## Instructions for the task
Return, unchanged and with no pictures, the lines below from the very first through the one that contains "layer by layer".

::: Stored data :::

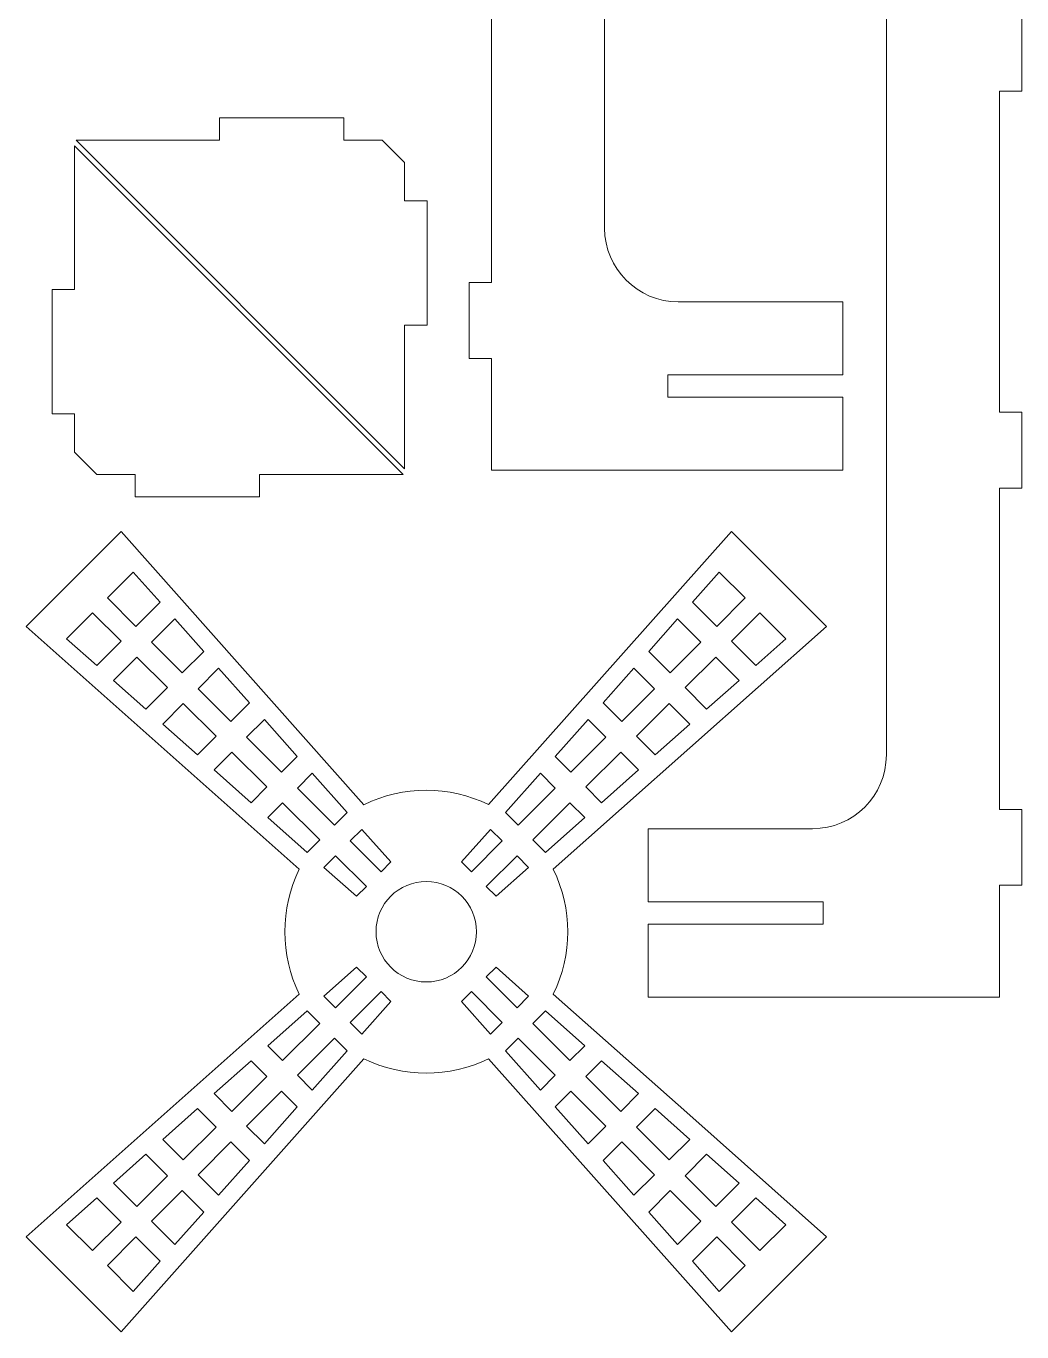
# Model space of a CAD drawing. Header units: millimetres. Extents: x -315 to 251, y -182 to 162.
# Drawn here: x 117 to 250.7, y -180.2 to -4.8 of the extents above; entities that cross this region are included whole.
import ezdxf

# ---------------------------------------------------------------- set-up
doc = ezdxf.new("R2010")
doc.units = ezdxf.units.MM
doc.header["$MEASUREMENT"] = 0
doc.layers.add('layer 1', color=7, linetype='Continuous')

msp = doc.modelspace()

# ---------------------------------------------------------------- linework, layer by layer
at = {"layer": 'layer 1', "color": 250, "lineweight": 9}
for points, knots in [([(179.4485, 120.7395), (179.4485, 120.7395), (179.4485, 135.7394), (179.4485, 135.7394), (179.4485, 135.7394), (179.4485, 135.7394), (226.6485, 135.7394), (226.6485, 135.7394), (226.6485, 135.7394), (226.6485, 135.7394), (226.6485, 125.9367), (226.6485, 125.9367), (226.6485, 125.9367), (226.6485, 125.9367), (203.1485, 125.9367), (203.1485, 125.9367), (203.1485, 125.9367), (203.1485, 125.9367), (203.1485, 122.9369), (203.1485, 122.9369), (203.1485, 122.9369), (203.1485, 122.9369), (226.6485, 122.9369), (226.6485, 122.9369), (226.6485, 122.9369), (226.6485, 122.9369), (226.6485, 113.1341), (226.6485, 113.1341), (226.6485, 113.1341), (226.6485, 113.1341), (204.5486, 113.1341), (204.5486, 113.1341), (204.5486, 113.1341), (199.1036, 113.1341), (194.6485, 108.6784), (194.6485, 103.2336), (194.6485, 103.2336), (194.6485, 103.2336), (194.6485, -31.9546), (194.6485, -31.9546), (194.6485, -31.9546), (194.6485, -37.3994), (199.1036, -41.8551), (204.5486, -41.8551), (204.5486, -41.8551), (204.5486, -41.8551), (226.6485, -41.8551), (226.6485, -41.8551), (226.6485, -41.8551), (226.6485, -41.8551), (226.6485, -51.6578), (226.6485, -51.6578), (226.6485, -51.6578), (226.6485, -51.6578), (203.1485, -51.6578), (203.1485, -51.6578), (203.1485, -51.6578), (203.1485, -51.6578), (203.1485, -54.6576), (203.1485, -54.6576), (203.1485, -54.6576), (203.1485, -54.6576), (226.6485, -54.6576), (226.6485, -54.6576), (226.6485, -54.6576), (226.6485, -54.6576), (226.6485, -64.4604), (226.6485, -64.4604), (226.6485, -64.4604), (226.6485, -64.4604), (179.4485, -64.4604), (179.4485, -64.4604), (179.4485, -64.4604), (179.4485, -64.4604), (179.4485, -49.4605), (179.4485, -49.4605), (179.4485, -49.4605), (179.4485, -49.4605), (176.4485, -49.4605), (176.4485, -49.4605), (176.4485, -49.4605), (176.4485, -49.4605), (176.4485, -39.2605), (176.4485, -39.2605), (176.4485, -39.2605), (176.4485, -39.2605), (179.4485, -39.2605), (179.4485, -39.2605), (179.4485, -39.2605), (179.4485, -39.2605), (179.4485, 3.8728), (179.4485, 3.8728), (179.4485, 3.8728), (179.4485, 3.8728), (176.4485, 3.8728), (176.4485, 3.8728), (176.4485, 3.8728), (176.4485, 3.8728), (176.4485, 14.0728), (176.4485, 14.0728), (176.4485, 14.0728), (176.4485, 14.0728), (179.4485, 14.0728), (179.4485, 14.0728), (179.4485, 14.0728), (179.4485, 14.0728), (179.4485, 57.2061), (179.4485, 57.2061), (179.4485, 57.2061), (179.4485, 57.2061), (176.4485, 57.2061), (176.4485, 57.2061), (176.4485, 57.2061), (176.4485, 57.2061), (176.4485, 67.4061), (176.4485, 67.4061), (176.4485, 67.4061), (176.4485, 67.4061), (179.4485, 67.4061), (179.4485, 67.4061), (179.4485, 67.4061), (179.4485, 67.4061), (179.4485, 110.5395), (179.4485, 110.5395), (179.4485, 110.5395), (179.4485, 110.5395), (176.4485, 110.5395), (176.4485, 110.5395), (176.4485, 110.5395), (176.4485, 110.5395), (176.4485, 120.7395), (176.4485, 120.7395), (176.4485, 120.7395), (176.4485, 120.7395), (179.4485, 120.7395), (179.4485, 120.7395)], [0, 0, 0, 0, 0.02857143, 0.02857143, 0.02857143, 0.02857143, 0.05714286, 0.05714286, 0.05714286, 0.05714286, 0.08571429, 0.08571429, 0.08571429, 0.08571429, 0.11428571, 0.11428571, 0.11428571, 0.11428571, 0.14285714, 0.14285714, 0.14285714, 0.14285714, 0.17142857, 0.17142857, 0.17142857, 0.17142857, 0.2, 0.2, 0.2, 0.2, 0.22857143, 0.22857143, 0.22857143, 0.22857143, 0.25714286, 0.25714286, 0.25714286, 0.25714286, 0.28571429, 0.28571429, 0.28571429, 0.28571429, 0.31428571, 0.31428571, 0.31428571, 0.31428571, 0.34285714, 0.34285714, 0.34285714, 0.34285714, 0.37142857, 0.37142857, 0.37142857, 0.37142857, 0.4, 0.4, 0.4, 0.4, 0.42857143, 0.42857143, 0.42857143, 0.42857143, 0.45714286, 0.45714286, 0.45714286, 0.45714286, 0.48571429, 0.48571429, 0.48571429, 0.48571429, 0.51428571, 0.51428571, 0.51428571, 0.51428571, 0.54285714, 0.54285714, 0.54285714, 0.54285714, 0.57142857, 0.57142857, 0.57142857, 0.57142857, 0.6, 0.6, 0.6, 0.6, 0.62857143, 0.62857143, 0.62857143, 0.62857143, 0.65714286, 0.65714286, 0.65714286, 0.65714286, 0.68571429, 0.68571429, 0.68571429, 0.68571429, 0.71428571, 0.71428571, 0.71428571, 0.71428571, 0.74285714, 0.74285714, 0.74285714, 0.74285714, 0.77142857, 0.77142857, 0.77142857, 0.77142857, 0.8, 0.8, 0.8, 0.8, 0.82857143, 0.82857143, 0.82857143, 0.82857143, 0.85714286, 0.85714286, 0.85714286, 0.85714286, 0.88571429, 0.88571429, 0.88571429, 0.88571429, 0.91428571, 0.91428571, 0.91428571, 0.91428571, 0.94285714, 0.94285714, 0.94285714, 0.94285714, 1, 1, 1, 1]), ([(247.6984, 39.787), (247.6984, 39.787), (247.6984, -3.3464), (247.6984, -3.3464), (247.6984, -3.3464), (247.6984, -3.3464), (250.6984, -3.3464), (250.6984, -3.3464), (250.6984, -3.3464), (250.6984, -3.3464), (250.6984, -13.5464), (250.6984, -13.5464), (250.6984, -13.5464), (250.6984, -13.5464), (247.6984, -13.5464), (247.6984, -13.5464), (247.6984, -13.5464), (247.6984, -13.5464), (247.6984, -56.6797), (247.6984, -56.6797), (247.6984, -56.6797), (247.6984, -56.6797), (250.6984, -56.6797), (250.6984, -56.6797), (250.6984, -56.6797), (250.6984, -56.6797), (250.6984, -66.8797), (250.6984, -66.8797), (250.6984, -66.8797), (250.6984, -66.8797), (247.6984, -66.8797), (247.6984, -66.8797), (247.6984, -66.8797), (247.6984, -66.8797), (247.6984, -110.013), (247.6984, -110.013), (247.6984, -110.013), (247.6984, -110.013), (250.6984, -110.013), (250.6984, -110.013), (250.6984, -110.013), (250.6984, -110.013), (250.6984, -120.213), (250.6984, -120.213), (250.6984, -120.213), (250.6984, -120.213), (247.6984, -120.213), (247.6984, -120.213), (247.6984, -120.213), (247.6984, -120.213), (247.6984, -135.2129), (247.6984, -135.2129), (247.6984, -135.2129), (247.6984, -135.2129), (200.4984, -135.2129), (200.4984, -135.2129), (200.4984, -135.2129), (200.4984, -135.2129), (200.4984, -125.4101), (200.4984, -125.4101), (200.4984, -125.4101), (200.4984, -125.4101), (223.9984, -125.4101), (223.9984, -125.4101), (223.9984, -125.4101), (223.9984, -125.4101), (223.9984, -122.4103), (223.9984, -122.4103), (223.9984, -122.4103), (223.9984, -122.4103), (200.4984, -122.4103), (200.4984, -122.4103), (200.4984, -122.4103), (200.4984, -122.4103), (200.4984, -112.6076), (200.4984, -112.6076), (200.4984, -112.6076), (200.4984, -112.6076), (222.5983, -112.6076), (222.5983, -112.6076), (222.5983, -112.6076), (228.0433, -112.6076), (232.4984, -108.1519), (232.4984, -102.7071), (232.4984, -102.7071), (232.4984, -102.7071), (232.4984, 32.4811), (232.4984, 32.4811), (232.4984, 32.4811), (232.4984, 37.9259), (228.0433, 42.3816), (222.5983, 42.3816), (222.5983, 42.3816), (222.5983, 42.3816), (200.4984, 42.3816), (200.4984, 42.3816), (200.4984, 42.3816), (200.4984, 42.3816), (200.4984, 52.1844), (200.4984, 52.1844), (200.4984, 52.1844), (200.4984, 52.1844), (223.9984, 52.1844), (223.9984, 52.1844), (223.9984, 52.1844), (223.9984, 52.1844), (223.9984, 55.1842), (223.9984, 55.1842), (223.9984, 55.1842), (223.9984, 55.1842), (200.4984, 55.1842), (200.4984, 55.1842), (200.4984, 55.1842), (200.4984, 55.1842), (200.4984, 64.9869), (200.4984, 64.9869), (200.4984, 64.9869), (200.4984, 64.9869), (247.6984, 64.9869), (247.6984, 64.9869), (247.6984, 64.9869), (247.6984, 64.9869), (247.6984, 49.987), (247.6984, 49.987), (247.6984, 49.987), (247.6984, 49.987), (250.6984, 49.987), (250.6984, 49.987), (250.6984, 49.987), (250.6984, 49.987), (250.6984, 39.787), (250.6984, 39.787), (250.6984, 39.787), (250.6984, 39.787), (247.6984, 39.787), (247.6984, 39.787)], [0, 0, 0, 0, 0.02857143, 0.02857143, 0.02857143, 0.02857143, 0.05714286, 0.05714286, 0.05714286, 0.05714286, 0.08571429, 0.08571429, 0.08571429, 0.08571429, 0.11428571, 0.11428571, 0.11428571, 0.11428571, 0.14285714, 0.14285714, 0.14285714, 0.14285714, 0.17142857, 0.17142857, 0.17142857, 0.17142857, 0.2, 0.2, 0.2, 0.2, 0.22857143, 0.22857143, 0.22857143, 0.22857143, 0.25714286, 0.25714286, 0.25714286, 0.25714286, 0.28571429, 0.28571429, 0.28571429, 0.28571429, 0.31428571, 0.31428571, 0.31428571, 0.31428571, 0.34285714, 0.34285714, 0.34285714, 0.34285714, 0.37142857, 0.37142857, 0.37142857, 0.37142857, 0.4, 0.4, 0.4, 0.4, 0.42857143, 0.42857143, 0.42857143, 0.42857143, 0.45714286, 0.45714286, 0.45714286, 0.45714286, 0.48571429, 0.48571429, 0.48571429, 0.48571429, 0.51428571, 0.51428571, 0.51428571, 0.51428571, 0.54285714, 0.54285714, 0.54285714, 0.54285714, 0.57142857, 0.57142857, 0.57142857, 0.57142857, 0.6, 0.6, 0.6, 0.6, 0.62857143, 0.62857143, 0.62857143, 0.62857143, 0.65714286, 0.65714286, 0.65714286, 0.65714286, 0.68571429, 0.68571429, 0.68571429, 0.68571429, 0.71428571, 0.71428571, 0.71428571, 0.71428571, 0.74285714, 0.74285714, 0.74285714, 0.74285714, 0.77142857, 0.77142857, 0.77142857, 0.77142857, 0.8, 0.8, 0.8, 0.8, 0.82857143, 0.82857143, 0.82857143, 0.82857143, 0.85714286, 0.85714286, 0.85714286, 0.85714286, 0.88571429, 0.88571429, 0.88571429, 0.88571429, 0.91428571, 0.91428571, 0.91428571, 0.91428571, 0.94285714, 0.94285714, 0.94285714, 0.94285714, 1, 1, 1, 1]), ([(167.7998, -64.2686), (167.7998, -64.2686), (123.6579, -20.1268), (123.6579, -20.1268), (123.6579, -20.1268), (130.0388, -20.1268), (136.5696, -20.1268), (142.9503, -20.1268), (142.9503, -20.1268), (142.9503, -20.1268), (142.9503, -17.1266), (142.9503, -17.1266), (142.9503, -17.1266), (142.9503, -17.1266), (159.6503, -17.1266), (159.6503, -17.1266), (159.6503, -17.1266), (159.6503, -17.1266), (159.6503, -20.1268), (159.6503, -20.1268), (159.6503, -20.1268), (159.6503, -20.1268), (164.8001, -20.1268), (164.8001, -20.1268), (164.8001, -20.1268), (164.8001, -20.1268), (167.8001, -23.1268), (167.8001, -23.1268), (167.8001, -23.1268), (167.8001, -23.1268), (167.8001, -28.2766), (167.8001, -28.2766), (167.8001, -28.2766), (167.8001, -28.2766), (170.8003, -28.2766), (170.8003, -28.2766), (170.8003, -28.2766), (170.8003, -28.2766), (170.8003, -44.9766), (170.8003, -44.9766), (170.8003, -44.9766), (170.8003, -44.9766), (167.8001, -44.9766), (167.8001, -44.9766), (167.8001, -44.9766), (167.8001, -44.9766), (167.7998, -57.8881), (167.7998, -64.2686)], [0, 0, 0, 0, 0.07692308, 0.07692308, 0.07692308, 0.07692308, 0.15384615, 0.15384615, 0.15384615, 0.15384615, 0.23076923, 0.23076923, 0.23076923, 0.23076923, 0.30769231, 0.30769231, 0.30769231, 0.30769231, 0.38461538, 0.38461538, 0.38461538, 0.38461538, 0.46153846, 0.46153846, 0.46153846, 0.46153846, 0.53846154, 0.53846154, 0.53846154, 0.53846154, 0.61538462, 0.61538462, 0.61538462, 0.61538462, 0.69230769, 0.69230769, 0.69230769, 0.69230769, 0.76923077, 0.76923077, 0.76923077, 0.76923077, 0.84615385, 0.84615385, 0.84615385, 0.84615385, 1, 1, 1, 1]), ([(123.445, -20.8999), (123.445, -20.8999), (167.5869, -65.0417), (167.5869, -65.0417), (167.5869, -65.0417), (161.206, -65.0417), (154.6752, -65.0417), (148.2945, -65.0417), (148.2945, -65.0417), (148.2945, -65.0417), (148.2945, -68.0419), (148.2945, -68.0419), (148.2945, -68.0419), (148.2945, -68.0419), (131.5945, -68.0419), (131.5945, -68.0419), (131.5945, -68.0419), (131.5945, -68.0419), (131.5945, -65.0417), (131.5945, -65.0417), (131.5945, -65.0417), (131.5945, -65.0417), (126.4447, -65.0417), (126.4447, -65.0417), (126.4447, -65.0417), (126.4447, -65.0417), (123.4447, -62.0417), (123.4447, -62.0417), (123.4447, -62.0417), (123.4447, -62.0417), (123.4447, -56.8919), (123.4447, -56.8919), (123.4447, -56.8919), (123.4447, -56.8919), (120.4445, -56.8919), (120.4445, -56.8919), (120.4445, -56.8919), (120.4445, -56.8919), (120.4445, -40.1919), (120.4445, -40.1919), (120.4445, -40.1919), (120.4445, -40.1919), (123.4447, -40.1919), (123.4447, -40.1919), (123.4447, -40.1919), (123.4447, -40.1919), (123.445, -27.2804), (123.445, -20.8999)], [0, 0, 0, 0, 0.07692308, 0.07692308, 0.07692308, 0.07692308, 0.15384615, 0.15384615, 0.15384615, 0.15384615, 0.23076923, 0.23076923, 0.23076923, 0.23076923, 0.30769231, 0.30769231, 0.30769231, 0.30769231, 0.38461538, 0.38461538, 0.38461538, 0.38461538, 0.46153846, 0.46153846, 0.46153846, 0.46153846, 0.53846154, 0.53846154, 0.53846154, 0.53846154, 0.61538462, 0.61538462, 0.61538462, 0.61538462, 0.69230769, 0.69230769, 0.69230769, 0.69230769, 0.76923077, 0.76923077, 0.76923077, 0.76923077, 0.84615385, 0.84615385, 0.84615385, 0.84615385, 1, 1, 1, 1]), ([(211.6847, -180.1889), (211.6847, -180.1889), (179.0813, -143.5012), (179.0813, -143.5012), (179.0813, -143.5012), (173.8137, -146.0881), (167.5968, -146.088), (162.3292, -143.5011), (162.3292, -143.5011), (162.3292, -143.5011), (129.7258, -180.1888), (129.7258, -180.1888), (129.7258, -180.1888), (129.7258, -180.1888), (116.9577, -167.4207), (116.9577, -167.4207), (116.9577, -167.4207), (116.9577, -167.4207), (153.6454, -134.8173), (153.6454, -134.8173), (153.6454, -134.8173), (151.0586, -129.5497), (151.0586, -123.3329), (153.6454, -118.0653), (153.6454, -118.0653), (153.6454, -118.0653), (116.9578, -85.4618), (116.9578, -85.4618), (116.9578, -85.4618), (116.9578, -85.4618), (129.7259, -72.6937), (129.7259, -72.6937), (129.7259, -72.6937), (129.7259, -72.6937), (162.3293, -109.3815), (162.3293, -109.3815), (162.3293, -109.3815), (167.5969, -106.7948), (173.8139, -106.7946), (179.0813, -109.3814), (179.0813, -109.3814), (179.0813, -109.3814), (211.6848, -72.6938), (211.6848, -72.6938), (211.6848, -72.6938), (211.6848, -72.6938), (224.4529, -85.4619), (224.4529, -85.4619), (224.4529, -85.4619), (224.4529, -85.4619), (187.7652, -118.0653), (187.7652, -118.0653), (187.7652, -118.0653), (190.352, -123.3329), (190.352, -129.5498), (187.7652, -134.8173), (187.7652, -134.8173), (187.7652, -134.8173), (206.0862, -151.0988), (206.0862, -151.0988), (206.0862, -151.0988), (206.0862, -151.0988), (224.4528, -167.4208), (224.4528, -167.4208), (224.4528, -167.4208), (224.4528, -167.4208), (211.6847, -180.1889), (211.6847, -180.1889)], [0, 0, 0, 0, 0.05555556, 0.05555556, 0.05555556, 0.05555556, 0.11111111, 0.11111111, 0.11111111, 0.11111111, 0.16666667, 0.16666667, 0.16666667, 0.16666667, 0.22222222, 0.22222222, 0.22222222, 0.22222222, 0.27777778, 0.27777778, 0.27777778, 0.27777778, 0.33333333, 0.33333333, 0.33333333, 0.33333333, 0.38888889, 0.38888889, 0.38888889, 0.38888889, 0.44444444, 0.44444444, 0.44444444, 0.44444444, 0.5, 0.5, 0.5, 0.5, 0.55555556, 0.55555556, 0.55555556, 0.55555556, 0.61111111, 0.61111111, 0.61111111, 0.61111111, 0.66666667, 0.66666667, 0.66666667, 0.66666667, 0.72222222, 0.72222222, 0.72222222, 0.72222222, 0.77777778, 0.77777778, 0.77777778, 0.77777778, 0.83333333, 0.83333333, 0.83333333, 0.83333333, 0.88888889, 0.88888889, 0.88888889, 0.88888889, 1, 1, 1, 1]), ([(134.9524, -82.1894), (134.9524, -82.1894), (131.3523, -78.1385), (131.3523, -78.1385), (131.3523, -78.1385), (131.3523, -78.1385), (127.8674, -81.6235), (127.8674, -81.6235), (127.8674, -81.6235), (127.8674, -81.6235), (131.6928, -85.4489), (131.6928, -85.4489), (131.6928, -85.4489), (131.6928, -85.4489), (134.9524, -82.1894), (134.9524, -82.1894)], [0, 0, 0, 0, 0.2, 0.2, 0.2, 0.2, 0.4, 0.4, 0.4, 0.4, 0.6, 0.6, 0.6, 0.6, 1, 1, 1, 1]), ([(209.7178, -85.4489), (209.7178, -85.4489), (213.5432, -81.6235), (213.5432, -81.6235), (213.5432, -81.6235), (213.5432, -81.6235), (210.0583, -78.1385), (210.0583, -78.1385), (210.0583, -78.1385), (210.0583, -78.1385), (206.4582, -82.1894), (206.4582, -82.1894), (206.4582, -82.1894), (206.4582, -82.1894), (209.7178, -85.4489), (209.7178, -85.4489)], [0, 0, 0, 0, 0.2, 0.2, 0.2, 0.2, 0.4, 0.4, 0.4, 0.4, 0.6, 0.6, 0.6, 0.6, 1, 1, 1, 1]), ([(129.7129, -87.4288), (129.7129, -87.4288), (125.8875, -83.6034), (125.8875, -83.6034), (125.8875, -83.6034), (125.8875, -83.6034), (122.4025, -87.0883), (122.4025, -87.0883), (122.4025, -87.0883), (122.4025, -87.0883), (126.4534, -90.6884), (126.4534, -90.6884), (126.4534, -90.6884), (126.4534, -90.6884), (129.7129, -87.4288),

:::

## Result below
# Model space of a CAD drawing. Header units: millimetres. Extents: x -315 to 251, y -182 to 162.
# Drawn here: x 117 to 250.7, y -180.2 to -4.8 of the extents above; entities that cross this region are included whole.
import ezdxf

# ---------------------------------------------------------------- set-up
doc = ezdxf.new("R2010")
doc.units = ezdxf.units.MM
doc.header["$MEASUREMENT"] = 0
doc.layers.add('layer 1', color=7, linetype='Continuous')

msp = doc.modelspace()

# ---------------------------------------------------------------- linework, layer by layer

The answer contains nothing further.